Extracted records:
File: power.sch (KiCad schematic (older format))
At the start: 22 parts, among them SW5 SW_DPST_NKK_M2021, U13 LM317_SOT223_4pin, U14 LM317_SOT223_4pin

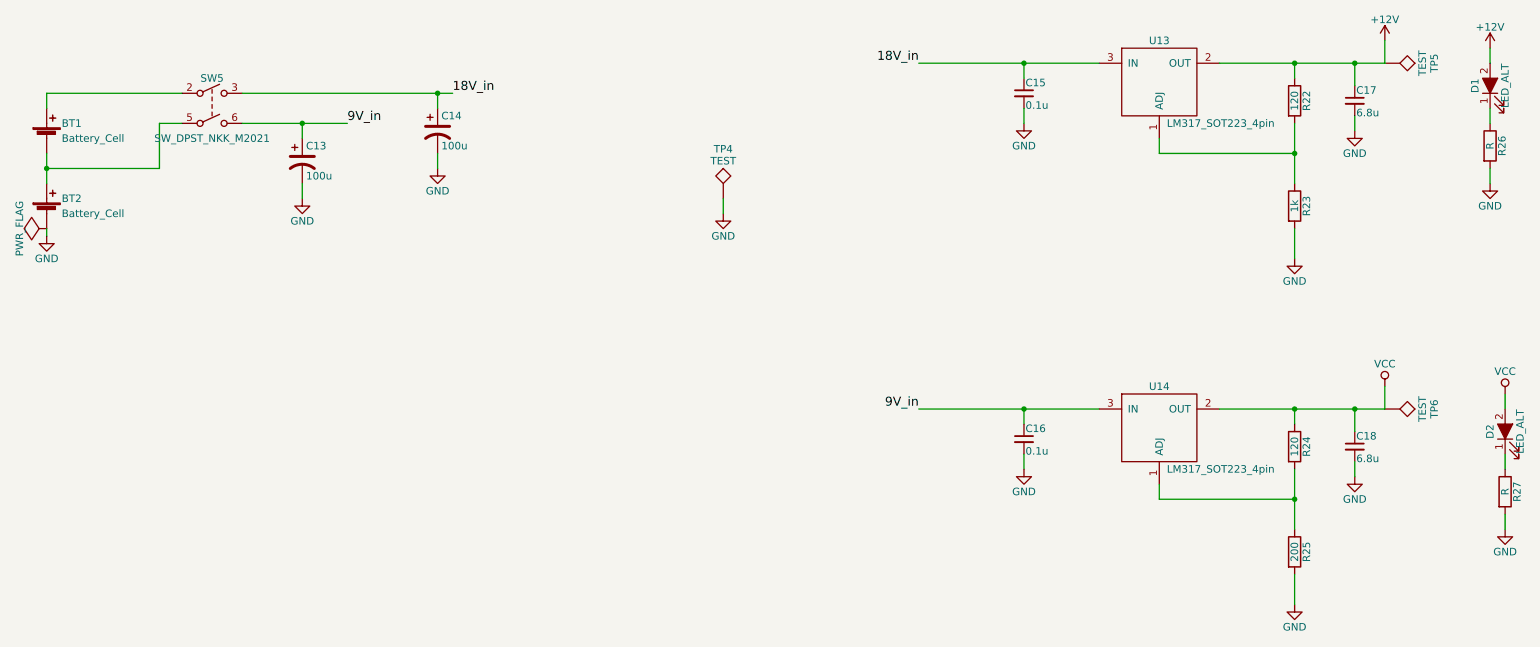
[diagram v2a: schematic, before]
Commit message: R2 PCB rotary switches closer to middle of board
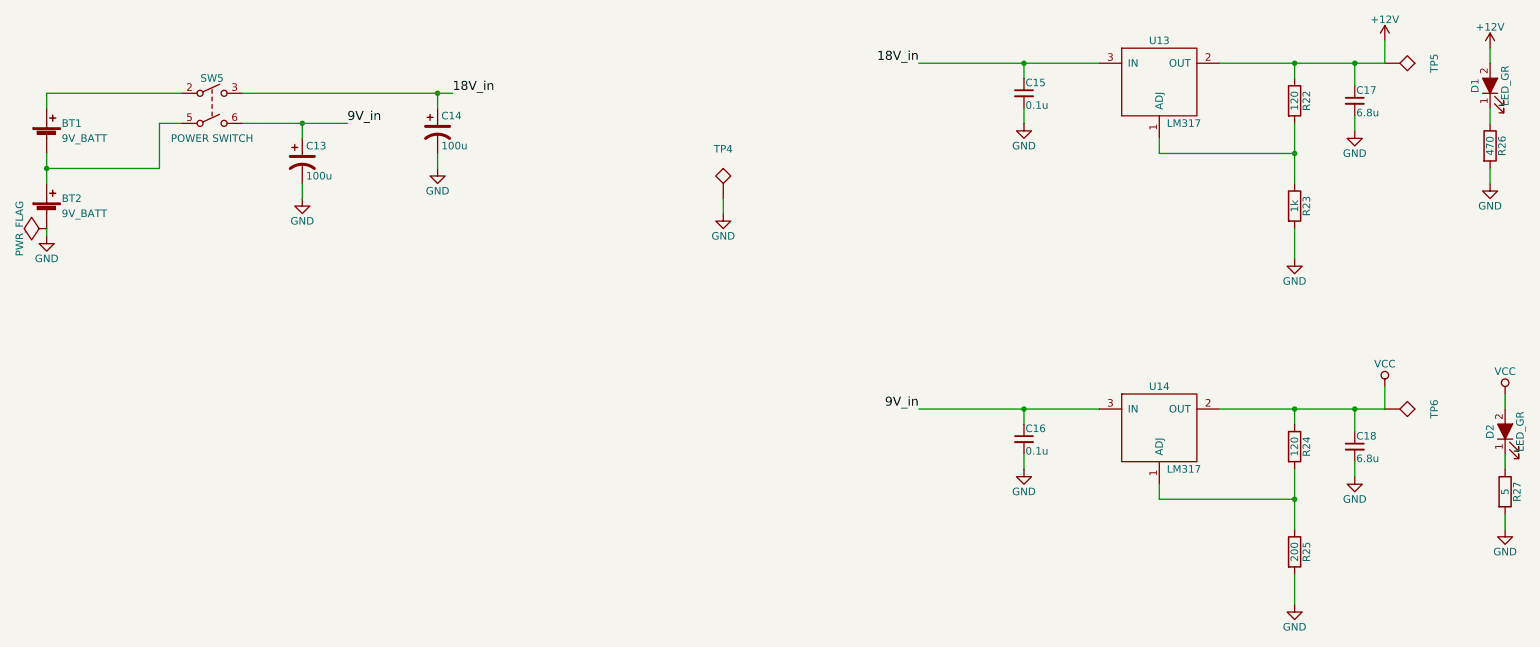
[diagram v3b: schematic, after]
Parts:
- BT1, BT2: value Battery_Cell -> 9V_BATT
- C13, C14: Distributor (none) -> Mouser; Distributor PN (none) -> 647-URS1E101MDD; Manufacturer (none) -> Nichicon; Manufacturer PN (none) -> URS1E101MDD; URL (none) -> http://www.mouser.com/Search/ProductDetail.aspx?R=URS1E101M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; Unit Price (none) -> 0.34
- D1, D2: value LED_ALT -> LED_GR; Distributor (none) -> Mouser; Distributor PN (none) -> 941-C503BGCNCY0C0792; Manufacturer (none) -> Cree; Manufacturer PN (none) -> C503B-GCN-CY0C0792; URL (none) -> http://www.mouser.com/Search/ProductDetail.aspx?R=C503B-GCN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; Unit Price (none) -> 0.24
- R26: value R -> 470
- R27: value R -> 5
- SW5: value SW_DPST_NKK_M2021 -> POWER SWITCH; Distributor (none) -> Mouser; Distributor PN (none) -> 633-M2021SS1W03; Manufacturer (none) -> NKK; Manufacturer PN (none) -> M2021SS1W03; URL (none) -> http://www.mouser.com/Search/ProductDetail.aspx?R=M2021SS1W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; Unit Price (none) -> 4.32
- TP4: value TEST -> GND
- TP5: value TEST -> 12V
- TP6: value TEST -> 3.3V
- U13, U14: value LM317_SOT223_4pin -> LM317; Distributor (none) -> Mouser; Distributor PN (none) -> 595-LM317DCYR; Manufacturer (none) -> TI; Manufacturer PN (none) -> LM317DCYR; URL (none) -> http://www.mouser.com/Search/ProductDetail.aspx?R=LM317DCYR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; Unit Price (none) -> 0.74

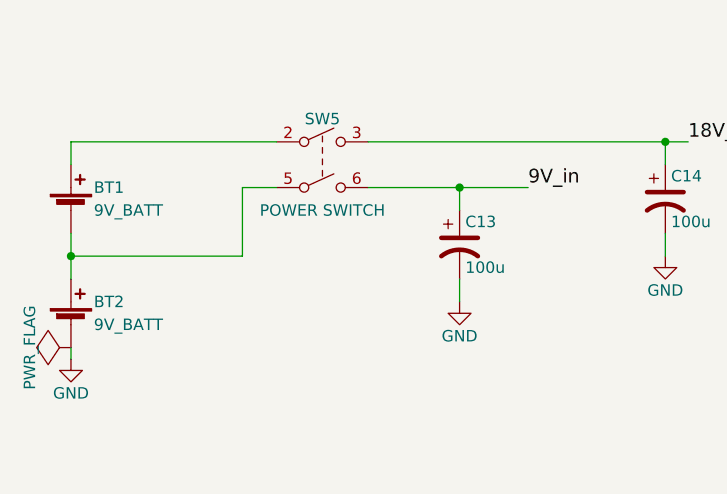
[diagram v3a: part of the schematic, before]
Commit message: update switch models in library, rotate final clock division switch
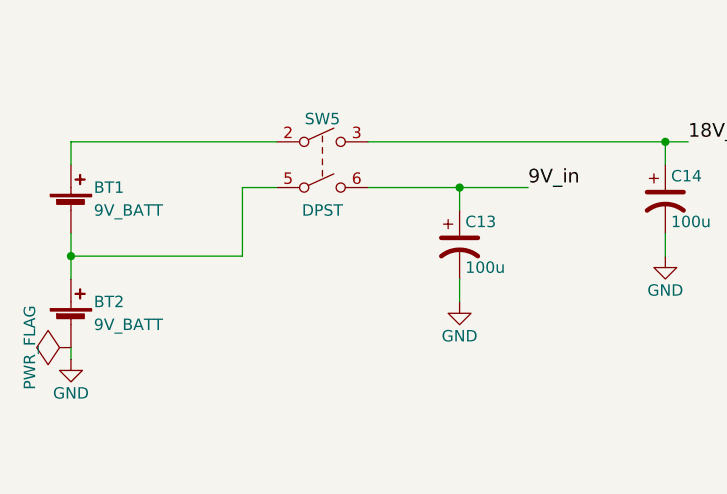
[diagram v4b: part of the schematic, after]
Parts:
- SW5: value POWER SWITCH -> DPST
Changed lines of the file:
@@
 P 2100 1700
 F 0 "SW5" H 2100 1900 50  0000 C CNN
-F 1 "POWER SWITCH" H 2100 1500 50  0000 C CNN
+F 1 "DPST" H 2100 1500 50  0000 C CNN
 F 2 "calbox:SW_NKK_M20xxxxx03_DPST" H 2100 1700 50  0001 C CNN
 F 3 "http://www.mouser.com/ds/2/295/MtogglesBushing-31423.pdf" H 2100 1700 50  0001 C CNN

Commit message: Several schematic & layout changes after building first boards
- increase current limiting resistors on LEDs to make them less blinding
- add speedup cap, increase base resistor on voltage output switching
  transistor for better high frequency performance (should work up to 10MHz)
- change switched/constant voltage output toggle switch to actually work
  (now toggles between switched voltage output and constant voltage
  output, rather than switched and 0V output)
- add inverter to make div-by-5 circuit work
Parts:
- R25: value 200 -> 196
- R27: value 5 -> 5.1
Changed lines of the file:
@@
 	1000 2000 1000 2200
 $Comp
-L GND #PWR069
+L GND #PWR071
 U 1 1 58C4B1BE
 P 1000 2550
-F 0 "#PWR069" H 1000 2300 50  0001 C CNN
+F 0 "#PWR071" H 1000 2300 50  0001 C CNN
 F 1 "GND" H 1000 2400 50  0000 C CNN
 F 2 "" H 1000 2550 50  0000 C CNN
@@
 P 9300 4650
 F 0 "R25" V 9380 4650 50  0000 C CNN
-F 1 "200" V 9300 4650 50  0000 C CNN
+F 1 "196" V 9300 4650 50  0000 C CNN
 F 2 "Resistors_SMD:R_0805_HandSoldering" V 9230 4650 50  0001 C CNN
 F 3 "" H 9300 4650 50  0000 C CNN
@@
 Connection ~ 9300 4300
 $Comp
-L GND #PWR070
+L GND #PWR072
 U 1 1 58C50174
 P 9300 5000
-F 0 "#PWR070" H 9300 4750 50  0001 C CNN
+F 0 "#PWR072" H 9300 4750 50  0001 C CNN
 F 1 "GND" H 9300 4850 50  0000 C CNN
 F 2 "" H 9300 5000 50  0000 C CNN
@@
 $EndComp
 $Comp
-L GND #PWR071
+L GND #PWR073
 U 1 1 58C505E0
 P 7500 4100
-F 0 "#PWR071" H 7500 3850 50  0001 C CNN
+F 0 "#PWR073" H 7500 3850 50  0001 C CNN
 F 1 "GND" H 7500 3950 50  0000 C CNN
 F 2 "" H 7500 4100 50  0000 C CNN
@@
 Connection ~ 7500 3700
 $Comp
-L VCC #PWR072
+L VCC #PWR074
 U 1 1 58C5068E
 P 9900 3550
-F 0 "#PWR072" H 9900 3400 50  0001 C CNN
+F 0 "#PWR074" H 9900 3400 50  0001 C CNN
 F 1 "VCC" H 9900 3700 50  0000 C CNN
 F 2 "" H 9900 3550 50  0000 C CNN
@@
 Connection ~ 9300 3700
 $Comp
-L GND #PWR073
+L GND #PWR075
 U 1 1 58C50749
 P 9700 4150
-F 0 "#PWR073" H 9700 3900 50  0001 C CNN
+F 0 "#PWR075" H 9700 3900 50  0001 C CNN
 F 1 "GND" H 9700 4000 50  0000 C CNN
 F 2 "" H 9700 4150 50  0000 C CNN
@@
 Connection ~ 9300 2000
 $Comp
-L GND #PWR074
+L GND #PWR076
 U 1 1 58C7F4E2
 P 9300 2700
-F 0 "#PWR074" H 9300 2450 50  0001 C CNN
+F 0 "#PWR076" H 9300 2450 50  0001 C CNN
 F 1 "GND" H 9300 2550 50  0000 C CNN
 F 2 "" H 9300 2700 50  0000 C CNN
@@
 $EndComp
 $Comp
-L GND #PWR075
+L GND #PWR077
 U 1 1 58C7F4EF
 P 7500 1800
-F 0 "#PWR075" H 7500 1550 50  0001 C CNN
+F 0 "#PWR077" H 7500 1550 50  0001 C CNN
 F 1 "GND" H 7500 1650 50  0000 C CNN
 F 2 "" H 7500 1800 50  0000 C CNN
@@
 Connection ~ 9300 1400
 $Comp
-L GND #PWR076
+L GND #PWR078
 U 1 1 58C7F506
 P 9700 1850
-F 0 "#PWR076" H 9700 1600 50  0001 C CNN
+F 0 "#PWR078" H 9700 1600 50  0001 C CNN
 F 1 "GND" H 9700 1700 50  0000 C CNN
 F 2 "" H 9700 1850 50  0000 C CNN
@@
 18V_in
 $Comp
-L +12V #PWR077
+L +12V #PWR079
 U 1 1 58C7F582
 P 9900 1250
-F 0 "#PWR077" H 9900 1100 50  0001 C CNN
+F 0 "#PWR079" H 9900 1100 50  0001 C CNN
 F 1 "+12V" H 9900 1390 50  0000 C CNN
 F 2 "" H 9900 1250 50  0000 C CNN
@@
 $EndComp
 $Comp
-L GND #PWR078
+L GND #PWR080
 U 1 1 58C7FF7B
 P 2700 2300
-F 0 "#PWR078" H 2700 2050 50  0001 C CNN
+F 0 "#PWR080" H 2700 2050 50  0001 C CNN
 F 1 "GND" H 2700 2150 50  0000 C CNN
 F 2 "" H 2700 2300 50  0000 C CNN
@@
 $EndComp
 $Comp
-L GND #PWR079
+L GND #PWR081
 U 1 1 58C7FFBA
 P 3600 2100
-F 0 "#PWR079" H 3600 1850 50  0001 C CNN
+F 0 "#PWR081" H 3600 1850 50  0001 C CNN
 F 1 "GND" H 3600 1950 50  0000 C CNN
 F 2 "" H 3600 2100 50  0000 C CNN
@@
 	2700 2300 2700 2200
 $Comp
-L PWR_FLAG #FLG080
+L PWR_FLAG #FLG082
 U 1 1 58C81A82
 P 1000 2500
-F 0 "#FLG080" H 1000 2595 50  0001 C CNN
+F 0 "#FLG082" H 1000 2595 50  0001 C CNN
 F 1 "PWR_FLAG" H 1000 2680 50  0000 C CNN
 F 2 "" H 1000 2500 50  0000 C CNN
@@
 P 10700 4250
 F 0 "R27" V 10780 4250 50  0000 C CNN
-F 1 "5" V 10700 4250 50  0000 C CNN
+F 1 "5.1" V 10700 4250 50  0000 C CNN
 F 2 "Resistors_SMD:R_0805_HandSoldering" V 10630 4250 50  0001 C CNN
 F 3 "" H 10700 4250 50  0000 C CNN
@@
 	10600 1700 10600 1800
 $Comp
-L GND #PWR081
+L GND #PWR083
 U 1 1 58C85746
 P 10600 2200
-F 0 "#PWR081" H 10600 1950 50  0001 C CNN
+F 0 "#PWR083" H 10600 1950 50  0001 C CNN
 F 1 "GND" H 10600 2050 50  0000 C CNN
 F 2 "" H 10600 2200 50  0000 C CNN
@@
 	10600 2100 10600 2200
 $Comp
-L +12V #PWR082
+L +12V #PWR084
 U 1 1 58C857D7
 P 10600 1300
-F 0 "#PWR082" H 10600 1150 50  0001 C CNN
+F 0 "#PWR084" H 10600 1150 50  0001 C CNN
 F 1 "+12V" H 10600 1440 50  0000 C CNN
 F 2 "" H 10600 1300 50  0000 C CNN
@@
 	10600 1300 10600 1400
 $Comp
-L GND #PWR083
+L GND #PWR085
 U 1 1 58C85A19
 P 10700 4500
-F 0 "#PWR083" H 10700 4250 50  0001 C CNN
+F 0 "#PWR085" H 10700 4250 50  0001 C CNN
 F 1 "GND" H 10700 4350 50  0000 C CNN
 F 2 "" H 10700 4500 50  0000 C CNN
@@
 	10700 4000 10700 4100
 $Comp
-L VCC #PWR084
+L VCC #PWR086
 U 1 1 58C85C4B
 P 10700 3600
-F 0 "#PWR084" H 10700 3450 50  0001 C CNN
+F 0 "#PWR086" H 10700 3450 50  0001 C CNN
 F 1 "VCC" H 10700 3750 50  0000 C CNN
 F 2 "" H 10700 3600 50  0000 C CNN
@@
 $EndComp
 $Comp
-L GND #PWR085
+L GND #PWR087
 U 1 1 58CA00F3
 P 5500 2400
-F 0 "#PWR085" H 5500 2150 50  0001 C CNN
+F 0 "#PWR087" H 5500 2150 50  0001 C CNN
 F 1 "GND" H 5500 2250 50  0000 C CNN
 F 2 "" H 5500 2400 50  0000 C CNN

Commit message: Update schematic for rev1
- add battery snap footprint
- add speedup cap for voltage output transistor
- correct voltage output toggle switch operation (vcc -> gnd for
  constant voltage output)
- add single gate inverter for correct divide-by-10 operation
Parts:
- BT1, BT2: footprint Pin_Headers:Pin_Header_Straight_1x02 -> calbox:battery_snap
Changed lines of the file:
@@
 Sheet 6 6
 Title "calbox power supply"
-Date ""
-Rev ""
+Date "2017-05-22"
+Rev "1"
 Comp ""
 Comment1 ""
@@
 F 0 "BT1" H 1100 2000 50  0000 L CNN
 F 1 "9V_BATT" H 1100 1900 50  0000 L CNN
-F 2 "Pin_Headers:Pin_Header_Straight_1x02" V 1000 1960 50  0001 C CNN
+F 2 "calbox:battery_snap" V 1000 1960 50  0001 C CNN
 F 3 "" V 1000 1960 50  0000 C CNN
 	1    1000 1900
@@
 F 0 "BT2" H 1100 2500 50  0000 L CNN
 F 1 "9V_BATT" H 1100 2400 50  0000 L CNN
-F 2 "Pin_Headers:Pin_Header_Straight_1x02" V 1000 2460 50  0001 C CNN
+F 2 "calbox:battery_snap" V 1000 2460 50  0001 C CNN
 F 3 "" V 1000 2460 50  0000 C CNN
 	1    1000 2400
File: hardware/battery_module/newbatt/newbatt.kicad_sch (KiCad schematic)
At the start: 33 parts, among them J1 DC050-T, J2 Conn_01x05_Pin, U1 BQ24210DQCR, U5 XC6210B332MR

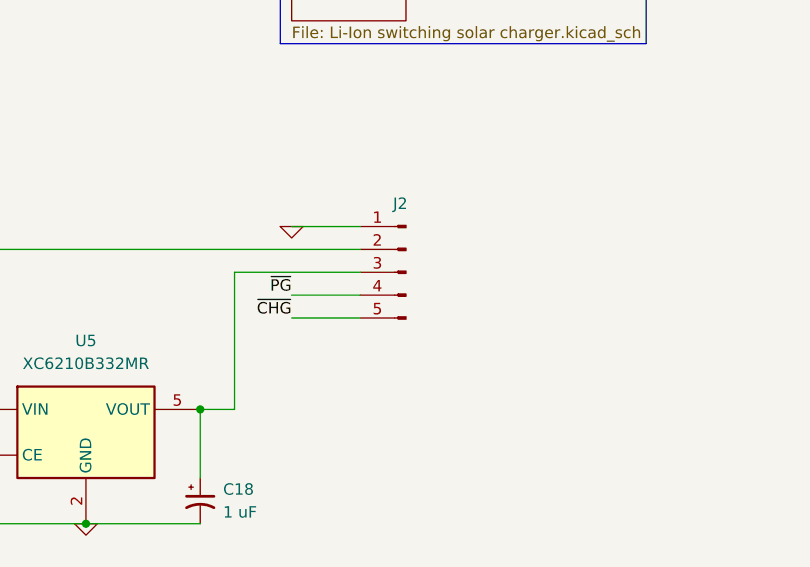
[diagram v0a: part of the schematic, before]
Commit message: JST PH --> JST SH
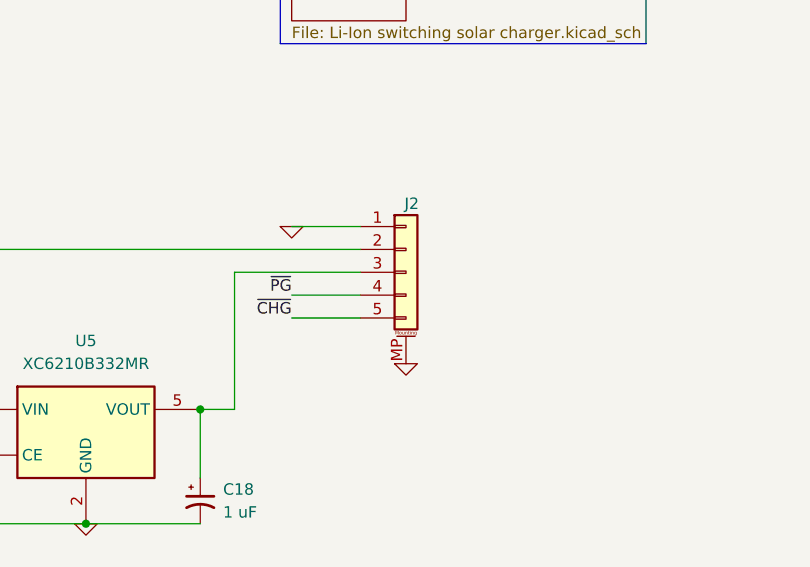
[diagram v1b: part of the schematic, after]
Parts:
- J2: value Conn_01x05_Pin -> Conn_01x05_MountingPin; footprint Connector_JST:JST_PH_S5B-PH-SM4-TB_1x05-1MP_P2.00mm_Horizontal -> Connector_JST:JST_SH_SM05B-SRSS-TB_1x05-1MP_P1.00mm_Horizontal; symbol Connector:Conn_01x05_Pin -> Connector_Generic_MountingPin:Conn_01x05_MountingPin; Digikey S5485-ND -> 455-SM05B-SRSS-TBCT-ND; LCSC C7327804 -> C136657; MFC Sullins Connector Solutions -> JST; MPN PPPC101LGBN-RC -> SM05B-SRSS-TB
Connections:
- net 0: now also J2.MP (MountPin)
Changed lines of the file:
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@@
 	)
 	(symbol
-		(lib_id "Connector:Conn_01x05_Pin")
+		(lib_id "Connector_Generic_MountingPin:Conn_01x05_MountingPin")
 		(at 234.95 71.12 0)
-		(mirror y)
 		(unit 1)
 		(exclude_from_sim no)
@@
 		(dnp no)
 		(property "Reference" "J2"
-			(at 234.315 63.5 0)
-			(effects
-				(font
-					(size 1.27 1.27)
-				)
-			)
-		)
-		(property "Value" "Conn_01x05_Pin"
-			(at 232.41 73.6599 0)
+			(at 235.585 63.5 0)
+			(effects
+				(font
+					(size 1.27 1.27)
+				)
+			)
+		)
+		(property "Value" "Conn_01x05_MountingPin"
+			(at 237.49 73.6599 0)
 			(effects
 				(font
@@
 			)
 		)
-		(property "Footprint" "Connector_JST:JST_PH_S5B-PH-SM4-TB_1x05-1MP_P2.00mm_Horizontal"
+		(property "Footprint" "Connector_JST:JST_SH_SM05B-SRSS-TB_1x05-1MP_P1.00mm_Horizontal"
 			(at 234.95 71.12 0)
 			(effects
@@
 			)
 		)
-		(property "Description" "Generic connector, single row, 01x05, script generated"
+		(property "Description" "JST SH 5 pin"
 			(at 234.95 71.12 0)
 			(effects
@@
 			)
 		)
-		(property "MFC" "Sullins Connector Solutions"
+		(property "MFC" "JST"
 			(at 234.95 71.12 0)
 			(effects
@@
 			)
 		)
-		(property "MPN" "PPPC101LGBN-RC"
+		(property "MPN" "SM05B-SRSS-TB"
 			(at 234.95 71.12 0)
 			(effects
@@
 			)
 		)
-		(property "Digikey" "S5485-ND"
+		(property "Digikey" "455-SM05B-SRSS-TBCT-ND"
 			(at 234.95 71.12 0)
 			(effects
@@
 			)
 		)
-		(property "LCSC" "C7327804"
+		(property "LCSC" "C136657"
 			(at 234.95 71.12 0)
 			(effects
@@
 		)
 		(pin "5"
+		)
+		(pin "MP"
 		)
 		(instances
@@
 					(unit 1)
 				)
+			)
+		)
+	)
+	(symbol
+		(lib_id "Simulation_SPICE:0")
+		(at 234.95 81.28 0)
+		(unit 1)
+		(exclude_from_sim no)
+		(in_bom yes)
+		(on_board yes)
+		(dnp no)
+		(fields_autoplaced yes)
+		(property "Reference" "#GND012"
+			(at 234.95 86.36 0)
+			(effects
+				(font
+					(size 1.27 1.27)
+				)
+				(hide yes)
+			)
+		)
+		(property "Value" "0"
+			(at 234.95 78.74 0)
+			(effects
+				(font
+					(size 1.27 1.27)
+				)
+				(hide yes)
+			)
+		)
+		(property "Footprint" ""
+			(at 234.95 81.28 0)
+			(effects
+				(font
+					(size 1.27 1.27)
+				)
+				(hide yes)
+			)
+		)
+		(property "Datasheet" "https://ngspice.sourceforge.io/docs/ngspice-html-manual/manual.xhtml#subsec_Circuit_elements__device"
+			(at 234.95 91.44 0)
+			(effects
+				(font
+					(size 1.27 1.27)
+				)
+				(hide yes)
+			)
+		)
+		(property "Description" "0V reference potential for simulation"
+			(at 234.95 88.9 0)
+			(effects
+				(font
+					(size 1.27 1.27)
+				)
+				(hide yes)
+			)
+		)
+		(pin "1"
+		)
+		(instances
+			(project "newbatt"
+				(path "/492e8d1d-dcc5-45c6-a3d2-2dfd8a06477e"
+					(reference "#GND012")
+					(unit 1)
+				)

Work item → Verbatim copy, pictures excluded: output the lines from the first line of the records above through the line containing "Commit message: R2".

Answer to the problem →
File: power.sch (KiCad schematic (older format))
At the start: 22 parts, among them SW5 SW_DPST_NKK_M2021, U13 LM317_SOT223_4pin, U14 LM317_SOT223_4pin

[diagram v2a: schematic, before]
Commit message: R2 PCB rotary switches closer to middle of board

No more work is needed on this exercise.